Но как-то раз, когда Морвенна прервала диванный серфинг, исчезла куда-то со Спенсером и поблизости ее не было видно, он принял предложение какой-то девицы затянуться ее косячком и после нескольких минут под кайфом обнаружил, что девушка покинула его и ушла танцевать, а вместо нее рядом оказался Трой… и все пошло вразнос…
Оглядываясь назад, вероятно, именно так бисексуальность Троя стала секретом полишинеля. Разговаривали они недолго, потому что скоро появилась полиция, выражая недовольство по поводу шума, и Морвенна настояла на том, чтобы они ушли, но Хедли наговорил достаточно, чтобы проснуться с беспокойными мыслями о том, что Трой теперь расскажет всему свету. Или, по крайней мере, Спенсеру, который расскажет Морвенне.
Однако так ничего и не было сказано, и когда он снова там появился, оказалось, что Трой был переполнен вопросами. Ну, так на что это похоже быть на самом деле геем? Как это ощущается? Что он собирается со всем этим делать, ведь он же, это самое, не просто бисексуал, как Трой? Все эти вопросы били в самую сердцевину подростковой безнадежности и неуверенности Хедли.

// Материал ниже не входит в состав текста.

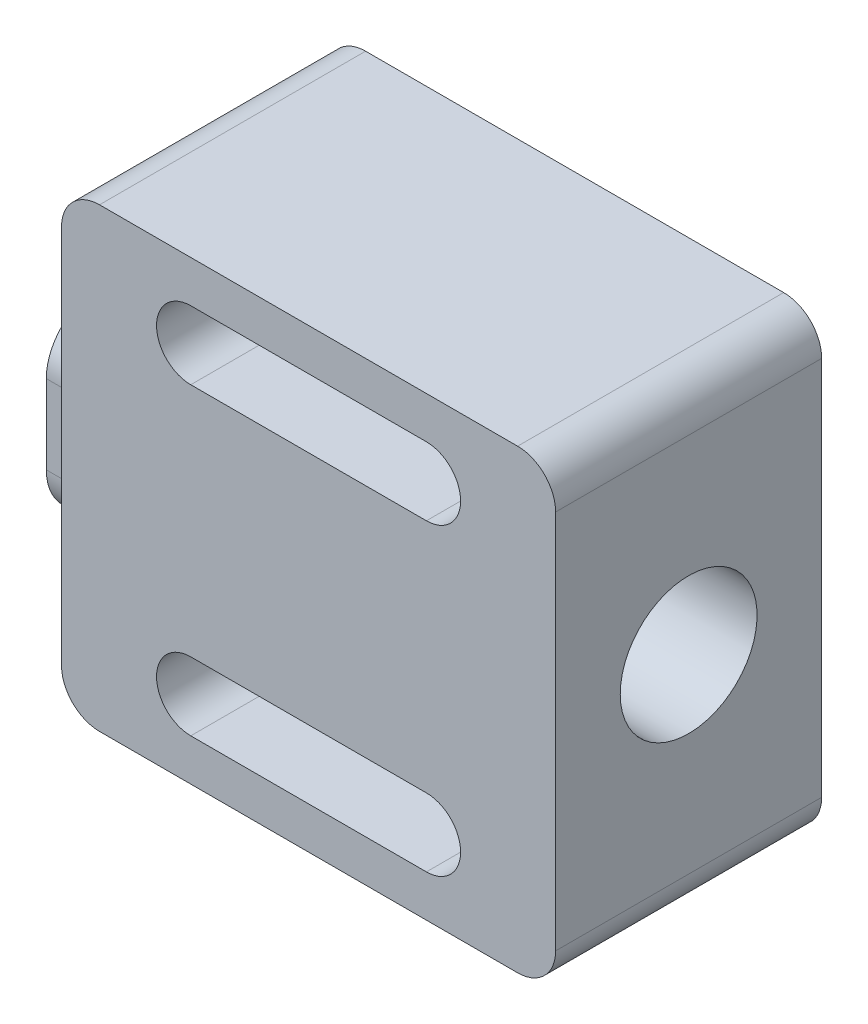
ISO-10303-21;
HEADER;
FILE_DESCRIPTION(('STEP AP214'),'2;1');
FILE_NAME('part.step','',(''),(''),'','','');
FILE_SCHEMA(('AUTOMOTIVE_DESIGN { 1 0 10303 214 1 1 1 1 }'));
ENDSEC;
DATA;
#1=APPLICATION_CONTEXT('core data for automotive mechanical design processes');
#2=APPLICATION_PROTOCOL_DEFINITION('international standard','automotive_design',2000,#1);
#3=PRODUCT_CONTEXT('',#1,'mechanical');
#4=PRODUCT('Part','Part','',(#3));
#5=PRODUCT_RELATED_PRODUCT_CATEGORY('part','',(#4));
#6=PRODUCT_DEFINITION_FORMATION('','',#4);
#7=PRODUCT_DEFINITION_CONTEXT('part definition',#1,'design');
#8=PRODUCT_DEFINITION('design','',#6,#7);
#9=PRODUCT_DEFINITION_SHAPE('','',#8);
#10=(LENGTH_UNIT() NAMED_UNIT(*) SI_UNIT(.MILLI.,.METRE.));
#11=(NAMED_UNIT(*) PLANE_ANGLE_UNIT() SI_UNIT($,.RADIAN.));
#12=(NAMED_UNIT(*) SI_UNIT($,.STERADIAN.) SOLID_ANGLE_UNIT());
#13=UNCERTAINTY_MEASURE_WITH_UNIT(LENGTH_MEASURE(1.E-05),#10,'distance_accuracy_value','');
#14=(GEOMETRIC_REPRESENTATION_CONTEXT(3) GLOBAL_UNCERTAINTY_ASSIGNED_CONTEXT((#13)) GLOBAL_UNIT_ASSIGNED_CONTEXT((#10,
#11,#12)) REPRESENTATION_CONTEXT('',''));
#15=CARTESIAN_POINT('',(0.,0.,0.));
#16=DIRECTION('',(0.,0.,1.));
#17=DIRECTION('',(1.,0.,0.));
#18=AXIS2_PLACEMENT_3D('',#15,#16,#17);
#19=CARTESIAN_POINT('',(-17.,45.,35.));
#20=DIRECTION('',(1.,0.,0.));
#21=DIRECTION('',(0.,0.,1.));
#22=AXIS2_PLACEMENT_3D('',#19,#20,#21);
#23=PLANE('',#22);
#24=DIRECTION('',(0.,-1.,0.));
#25=VECTOR('',#24,1.);
#26=CARTESIAN_POINT('',(-17.,45.,0.));
#27=LINE('',#26,#25);
#28=CARTESIAN_POINT('',(-17.,45.,0.));
#29=VERTEX_POINT('',#28);
#30=CARTESIAN_POINT('',(-17.,-5.,0.));
#31=VERTEX_POINT('',#30);
#32=EDGE_CURVE('E319',#29,#31,#27,.T.);
#33=ORIENTED_EDGE('',*,*,#32,.T.);
#34=DIRECTION('',(0.,0.,-1.));
#35=VECTOR('',#34,1.);
#36=CARTESIAN_POINT('',(-17.,-5.,35.));
#37=LINE('',#36,#35);
#38=CARTESIAN_POINT('',(-17.,-5.,35.));
#39=VERTEX_POINT('',#38);
#40=EDGE_CURVE('E339',#39,#31,#37,.T.);
#41=ORIENTED_EDGE('',*,*,#40,.F.);
#42=DIRECTION('',(0.,-1.,0.));
#43=VECTOR('',#42,1.);
#44=CARTESIAN_POINT('',(-17.,45.,35.));
#45=LINE('',#44,#43);
#46=CARTESIAN_POINT('',(-17.,45.,35.));
#47=VERTEX_POINT('',#46);
#48=EDGE_CURVE('E302',#47,#39,#45,.T.);
#49=ORIENTED_EDGE('',*,*,#48,.F.);
#50=DIRECTION('',(0.,0.,-1.));
#51=VECTOR('',#50,1.);
#52=CARTESIAN_POINT('',(-17.,45.,35.));
#53=LINE('',#52,#51);
#54=EDGE_CURVE('E342',#47,#29,#53,.T.);
#55=ORIENTED_EDGE('',*,*,#54,.T.);
#56=EDGE_LOOP('',(#33,#41,#49,#55));
#57=FACE_BOUND('',#56,.T.);
#58=CARTESIAN_POINT('',(-17.,25.1961524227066,26.5));
#59=DIRECTION('',(-1.,0.,0.));
#60=DIRECTION('',(0.,0.,-1.));
#61=AXIS2_PLACEMENT_3D('',#58,#59,#60);
#62=CIRCLE('',#61,7.);
#63=CARTESIAN_POINT('',(-17.,25.1961524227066,33.5));
#64=VERTEX_POINT('',#63);
#65=CARTESIAN_POINT('',(-17.,31.2583302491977,30.));
#66=VERTEX_POINT('',#65);
#67=EDGE_CURVE('E219',#64,#66,#62,.T.);
#68=ORIENTED_EDGE('',*,*,#67,.F.);
#69=DIRECTION('',(0.,1.,0.));
#70=VECTOR('',#69,1.);
#71=CARTESIAN_POINT('',(-17.,14.8038475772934,33.5));
#72=LINE('',#71,#70);
#73=CARTESIAN_POINT('',(-17.,14.8038475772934,33.5));
#74=VERTEX_POINT('',#73);
#75=EDGE_CURVE('E216',#74,#64,#72,.T.);
#76=ORIENTED_EDGE('',*,*,#75,.F.);
#77=CARTESIAN_POINT('',(-17.,14.8038475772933,26.5));
#78=DIRECTION('',(-1.,0.,0.));
#79=DIRECTION('',(0.,0.,1.));
#80=AXIS2_PLACEMENT_3D('',#77,#78,#79);
#81=CIRCLE('',#80,7.);
#82=CARTESIAN_POINT('',(-17.,8.7416697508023,30.));
#83=VERTEX_POINT('',#82);
#84=EDGE_CURVE('E718',#83,#74,#81,.T.);
#85=ORIENTED_EDGE('',*,*,#84,.F.);
#86=DIRECTION('',(0.,0.5,0.866025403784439));
#87=VECTOR('',#86,1.);
#88=CARTESIAN_POINT('',(-17.,3.5455173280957,21.));
#89=LINE('',#88,#87);
#90=CARTESIAN_POINT('',(-17.,3.5455173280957,21.));
#91=VERTEX_POINT('',#90);
#92=EDGE_CURVE('E773',#91,#83,#89,.T.);
#93=ORIENTED_EDGE('',*,*,#92,.F.);
#94=CARTESIAN_POINT('',(-17.,9.6076951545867,17.5));
#95=DIRECTION('',(-1.,0.,0.));
#96=DIRECTION('',(0.,0.,1.));
#97=AXIS2_PLACEMENT_3D('',#94,#95,#96);
#98=CIRCLE('',#97,7.);
#99=CARTESIAN_POINT('',(-17.,3.5455173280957,14.));
#100=VERTEX_POINT('',#99);
#101=EDGE_CURVE('E770',#100,#91,#98,.T.);
#102=ORIENTED_EDGE('',*,*,#101,.F.);
#103=DIRECTION('',(0.,-0.5,0.866025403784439));
#104=VECTOR('',#103,1.);
#105=CARTESIAN_POINT('',(-17.,8.7416697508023,5.));
#106=LINE('',#105,#104);
#107=CARTESIAN_POINT('',(-17.,8.7416697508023,5.));
#108=VERTEX_POINT('',#107);
#109=EDGE_CURVE('E767',#108,#100,#106,.T.);
#110=ORIENTED_EDGE('',*,*,#109,.F.);
#111=CARTESIAN_POINT('',(-17.,14.8038475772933,8.5));
#112=DIRECTION('',(-1.,0.,0.));
#113=DIRECTION('',(0.,0.,1.));
#114=AXIS2_PLACEMENT_3D('',#111,#112,#113);
#115=CIRCLE('',#114,7.);
#116=CARTESIAN_POINT('',(-17.,14.8038475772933,1.5));
#117=VERTEX_POINT('',#116);
#118=EDGE_CURVE('E764',#117,#108,#115,.T.);
#119=ORIENTED_EDGE('',*,*,#118,.F.);
#120=DIRECTION('',(0.,-1.,0.));
#121=VECTOR('',#120,1.);
#122=CARTESIAN_POINT('',(-17.,25.1961524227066,1.49999999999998));
#123=LINE('',#122,#121);
#124=CARTESIAN_POINT('',(-17.,25.1961524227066,1.49999999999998));
#125=VERTEX_POINT('',#124);
#126=EDGE_CURVE('E761',#125,#117,#123,.T.);
#127=ORIENTED_EDGE('',*,*,#126,.F.);
#128=CARTESIAN_POINT('',(-17.,25.1961524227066,8.5));
#129=DIRECTION('',(-1.,0.,0.));
#130=DIRECTION('',(0.,0.,1.));
#131=AXIS2_PLACEMENT_3D('',#128,#129,#130);
#132=CIRCLE('',#131,7.);
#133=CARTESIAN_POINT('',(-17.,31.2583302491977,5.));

Но потом, как-то раз, когда он был достаточно пьян, чтобы позже все начисто отрицать, Трой сказал: «Можешь меня поцеловать. Если хочешь. Просто посмотреть, как оно, ну это самое». И они вышли поврозь, через несколько минут друг за другом, и направились в самый большой пустой сарай, спотыкаясь в темноте о Бог знает что, и целовались и целовались. Не разговаривали, не трогали друг друга — Хедли не осмеливался без поощрения — просто поцелуи. А потом кто-то вышел во двор из дома и Трой занервничал и ускользнул.
Это происходило еще три раза, опять же в сарае, и никакой больше преамбулы от Троя, кроме бормотания, «Ну ты… это самое?» и еле заметный кивок лица сексуального хорька на дверь во двор.